The bill mandates that all monies given to political parties and candidates in excess of $100 be delivered by cheque with the name of the contributor legibly printed, signed and drawn on an account in the contributor’s name.
The bill would prohibit political parties or candidates from receiving anonymous contributions in excess of $25, mandating that such sums be returned within 14 days of its receipt.
The bill would limit the expenses political parties can incur during elections. It says: “The total expenses incurred by a political party or candidate registered under this Act, including transportation, living accommodation and advertising done or provided by any person, company or trade union with the knowledge and consent of the political party or candidate shall not exceed in the case of a registered party and registered party branch in a general election, the aggregate amount determined by multiplying ten dollars by the number of names appearing on the corrected register for all constituencies in which there is an official candidate for the registered party; in the case of a registered party in a by-election, the amount determined by multiplying five dollars by the number of names appearing on the corrected Register for the constituency; in the case of an independent registered candidate in a constituency in a general election or by-election, the amount determined by multiplying five dollars by the number of names appearing on the corrected register for the constituency being contested by the independent registered candidate and in the case of a registered party and registered candidate in a by-election in any constituency of a Family Island other than Grand Bahama and Abaco, the amount determined (above) shall be increased by a maximum of $4,000.”
The bill would require the chief financial officer of a political party or candidate to report the gross income of any fund-raising function, though monies raised during such events would not be considered contributions under the legislation. The proposed law mandates that no more than $50 be given anonymously at meetings held on behalf of a political party or candidate.
The only people authorised to accept monies under the bill are the chief financial officer or the person designated at the Registrar General’s Department to accept contributions. All political parties would be required to appoint a CFO who must maintain proper records of receipts and expenditures and submit financial statements, along with an auditor’s report, to the registrar on or before December 31 of each year.
The maximum penalty for contravening any provision of the bill is a fine of $10,000. There is no mention of jail time. The bill demands that the attorney general consent to prosecution proceedings.
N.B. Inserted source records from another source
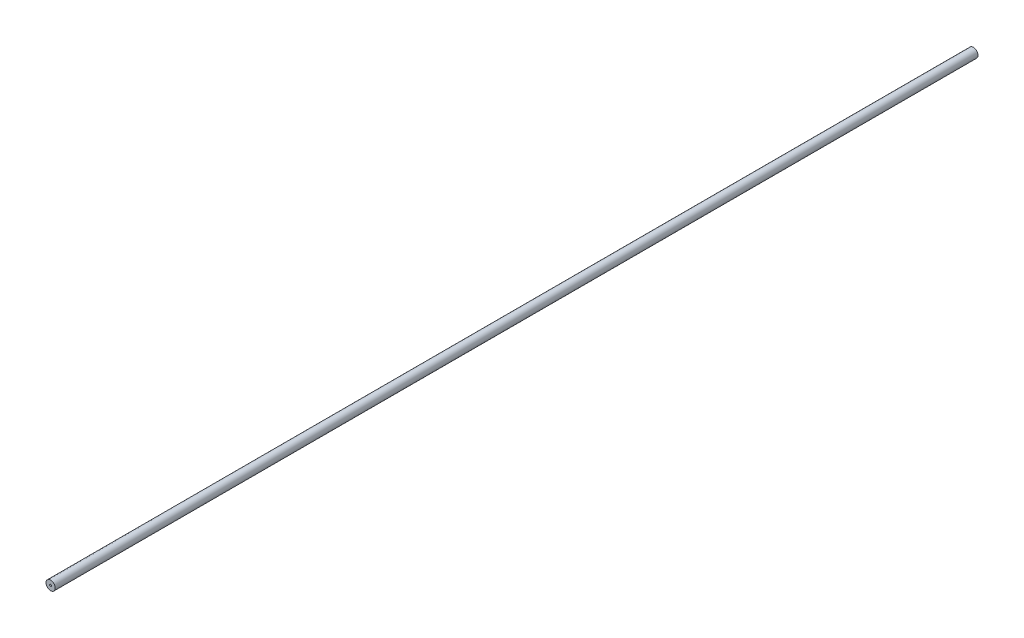
ISO-10303-21;
HEADER;
FILE_DESCRIPTION(('STEP AP214'),'2;1');
FILE_NAME('part.step','',(''),(''),'','','');
FILE_SCHEMA(('AUTOMOTIVE_DESIGN { 1 0 10303 214 1 1 1 1 }'));
ENDSEC;
DATA;
#1=APPLICATION_CONTEXT('core data for automotive mechanical design processes');
#2=APPLICATION_PROTOCOL_DEFINITION('international standard','automotive_design',2000,#1);
#3=PRODUCT_CONTEXT('',#1,'mechanical');
#4=PRODUCT('Part','Part','',(#3));
#5=PRODUCT_RELATED_PRODUCT_CATEGORY('part','',(#4));
#6=PRODUCT_DEFINITION_FORMATION('','',#4);
#7=PRODUCT_DEFINITION_CONTEXT('part definition',#1,'design');
#8=PRODUCT_DEFINITION('design','',#6,#7);
#9=PRODUCT_DEFINITION_SHAPE('','',#8);
#10=(LENGTH_UNIT() NAMED_UNIT(*) SI_UNIT(.MILLI.,.METRE.));
#11=(NAMED_UNIT(*) PLANE_ANGLE_UNIT() SI_UNIT($,.RADIAN.));
#12=(NAMED_UNIT(*) SI_UNIT($,.STERADIAN.) SOLID_ANGLE_UNIT());
#13=UNCERTAINTY_MEASURE_WITH_UNIT(LENGTH_MEASURE(1.E-05),#10,'distance_accuracy_value','');
#14=(GEOMETRIC_REPRESENTATION_CONTEXT(3) GLOBAL_UNCERTAINTY_ASSIGNED_CONTEXT((#13)) GLOBAL_UNIT_ASSIGNED_CONTEXT((#10,
#11,#12)) REPRESENTATION_CONTEXT('',''));
#15=CARTESIAN_POINT('',(0.,0.,0.));
#16=DIRECTION('',(0.,0.,1.));
#17=DIRECTION('',(1.,0.,0.));
#18=AXIS2_PLACEMENT_3D('',#15,#16,#17);
#19=CARTESIAN_POINT('',(0.,0.,500.));
#20=DIRECTION('',(0.,0.,1.));
#21=DIRECTION('',(1.,0.,0.));
#22=AXIS2_PLACEMENT_3D('',#19,#20,#21);
#23=PLANE('',#22);
#24=CARTESIAN_POINT('',(0.,0.,500.));
#25=DIRECTION('',(0.,0.,1.));
#26=DIRECTION('',(1.,0.,0.));
#27=AXIS2_PLACEMENT_3D('',#24,#25,#26);
#28=CIRCLE('',#27,2.5);
#29=CARTESIAN_POINT('',(2.5,0.,500.));
#30=VERTEX_POINT('',#29);
#31=EDGE_CURVE('E11',#30,#30,#28,.T.);
#32=ORIENTED_EDGE('',*,*,#31,.T.);
#33=EDGE_LOOP('',(#32));
#34=FACE_BOUND('',#33,.T.);
#35=CARTESIAN_POINT('',(0.,0.,500.));
#36=DIRECTION('',(0.,0.,1.));
#37=DIRECTION('',(1.,0.,0.));
#38=AXIS2_PLACEMENT_3D('',#35,#36,#37);
#39=CIRCLE('',#38,0.5);
#40=CARTESIAN_POINT('',(0.5,0.,500.));
#41=VERTEX_POINT('',#40);
#42=EDGE_CURVE('E60',#41,#41,#39,.T.);
#43=ORIENTED_EDGE('',*,*,#42,.F.);
#44=EDGE_LOOP('',(#43));
#45=FACE_BOUND('',#44,.T.);
#46=ADVANCED_FACE('F47',(#34,#45),#23,.T.);
#47=CARTESIAN_POINT('',(0.,0.,0.));
#48=DIRECTION('',(0.,0.,1.));
#49=DIRECTION('',(1.,0.,0.));
#50=AXIS2_PLACEMENT_3D('',#47,#48,#49);
#51=PLANE('',#50);
#52=CARTESIAN_POINT('',(0.,0.,0.));
#53=DIRECTION('',(0.,0.,1.));
#54=DIRECTION('',(1.,0.,0.));
#55=AXIS2_PLACEMENT_3D('',#52,#53,#54);
#56=CIRCLE('',#55,2.5);
#57=CARTESIAN_POINT('',(2.5,0.,0.));
#58=VERTEX_POINT('',#57);
#59=EDGE_CURVE('E51',#58,#58,#56,.T.);
#60=ORIENTED_EDGE('',*,*,#59,.F.);
#61=EDGE_LOOP('',(#60));
#62=FACE_BOUND('',#61,.T.);
#63=CARTESIAN_POINT('',(0.,0.,0.));
#64=DIRECTION('',(0.,0.,1.));
#65=DIRECTION('',(1.,0.,0.));
#66=AXIS2_PLACEMENT_3D('',#63,#64,#65);
#67=CIRCLE('',#66,0.5);
#68=CARTESIAN_POINT('',(0.5,0.,0.));
#69=VERTEX_POINT('',#68);
#70=EDGE_CURVE('E62',#69,#69,#67,.T.);
#71=ORIENTED_EDGE('',*,*,#70,.T.);
#72=EDGE_LOOP('',(#71));
#73=FACE_BOUND('',#72,.T.);
#74=ADVANCED_FACE('F74',(#62,#73),#51,.F.);
#75=CARTESIAN_POINT('',(0.,0.,500.));
#76=DIRECTION('',(0.,0.,-1.));
#77=DIRECTION('',(-1.,0.,0.));
#78=AXIS2_PLACEMENT_3D('',#75,#76,#77);
#79=CYLINDRICAL_SURFACE('',#78,2.5);
#80=ORIENTED_EDGE('',*,*,#31,.F.);
#81=EDGE_LOOP('',(#80));
#82=FACE_BOUND('',#81,.T.);
#83=ORIENTED_EDGE('',*,*,#59,.T.);
#84=EDGE_LOOP('',(#83));
#85=FACE_BOUND('',#84,.T.);
#86=ADVANCED_FACE('F49',(#82,#85),#79,.T.);
#87=CARTESIAN_POINT('',(0.,0.,500.));
#88=DIRECTION('',(0.,0.,-1.));
#89=DIRECTION('',(-1.,0.,0.));
#90=AXIS2_PLACEMENT_3D('',#87,#88,#89);
#91=CYLINDRICAL_SURFACE('',#90,0.5);
#92=ORIENTED_EDGE('',*,*,#42,.T.);
#93=EDGE_LOOP('',(#92));
#94=FACE_BOUND('',#93,.T.);
#95=ORIENTED_EDGE('',*,*,#70,.F.);
#96=EDGE_LOOP('',(#95));
#97=FACE_BOUND('',#96,.T.);
#98=ADVANCED_FACE('F70',(#94,#97),#91,.F.);
#99=CLOSED_SHELL('',(#46,#74,#86,#98));
#100=MANIFOLD_SOLID_BREP('B2',#99);
#101=ADVANCED_BREP_SHAPE_REPRESENTATION('',(#18,#100),#14);
#102=SHAPE_DEFINITION_REPRESENTATION(#9,#101);
ENDSEC;
END-ISO-10303-21;

Documents filed at the registrar would be public records accessible to any person under the proposed law. Political parties and candidates would be required to register with the department. The registration information would include names and address of banks and financial institutions entitled to accept deposits for a political party. Each candidate would be required to have a personal auditor and CFO.
Transparency and accountability activists have long called for campaign finance legislation. In 2012, former Prime Minister Perry Christie said campaign financing had sunken to “repugnant” and sometimes “criminal” levels. His successor, Dr Hubert Minnis, made campaign finance legislation a key part of his campaign agenda in the lead up to the last general election.
The Organisation of American States, which observed this country’s election in 2012, recommended that campaign finance laws be implemented. At the time, the OAS concluded the matter seemed less important to Bahamian politicians than it did to other stakeholders in the country.